**HOW TO COMPLETE THIS TASK**
Take every line from the listing below that contains "align".
Content starts
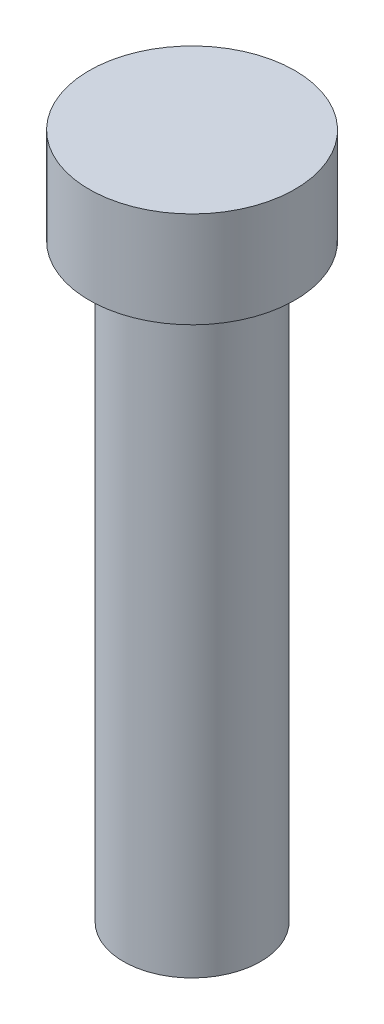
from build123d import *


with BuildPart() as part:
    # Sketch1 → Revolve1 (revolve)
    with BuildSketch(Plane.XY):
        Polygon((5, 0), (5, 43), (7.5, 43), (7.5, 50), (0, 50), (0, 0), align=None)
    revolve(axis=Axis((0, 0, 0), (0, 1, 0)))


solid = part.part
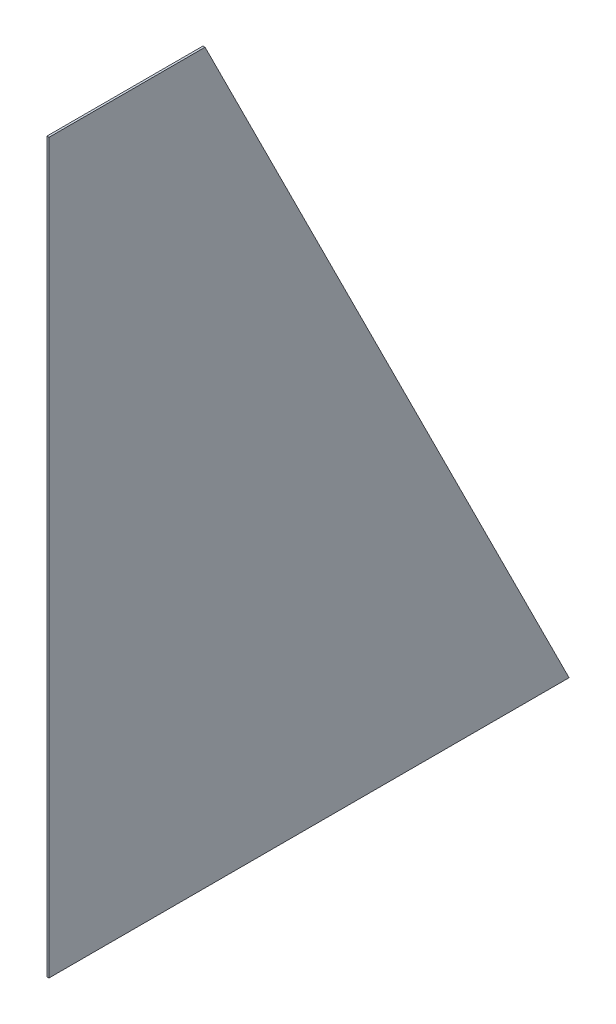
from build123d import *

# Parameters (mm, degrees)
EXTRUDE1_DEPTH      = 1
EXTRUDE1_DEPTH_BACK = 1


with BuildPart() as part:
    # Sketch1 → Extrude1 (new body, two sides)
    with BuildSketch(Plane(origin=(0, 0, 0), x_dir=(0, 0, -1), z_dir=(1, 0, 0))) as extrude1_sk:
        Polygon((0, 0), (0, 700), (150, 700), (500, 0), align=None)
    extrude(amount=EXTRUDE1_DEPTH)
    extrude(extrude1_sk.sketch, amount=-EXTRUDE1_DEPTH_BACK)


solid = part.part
Content ends
**ANSWER TO THE EXERCISE**
        Polygon((5, 0), (5, 43), (7.5, 43), (7.5, 50), (0, 50), (0, 0), align=None)
        Polygon((0, 0), (0, 700), (150, 700), (500, 0), align=None)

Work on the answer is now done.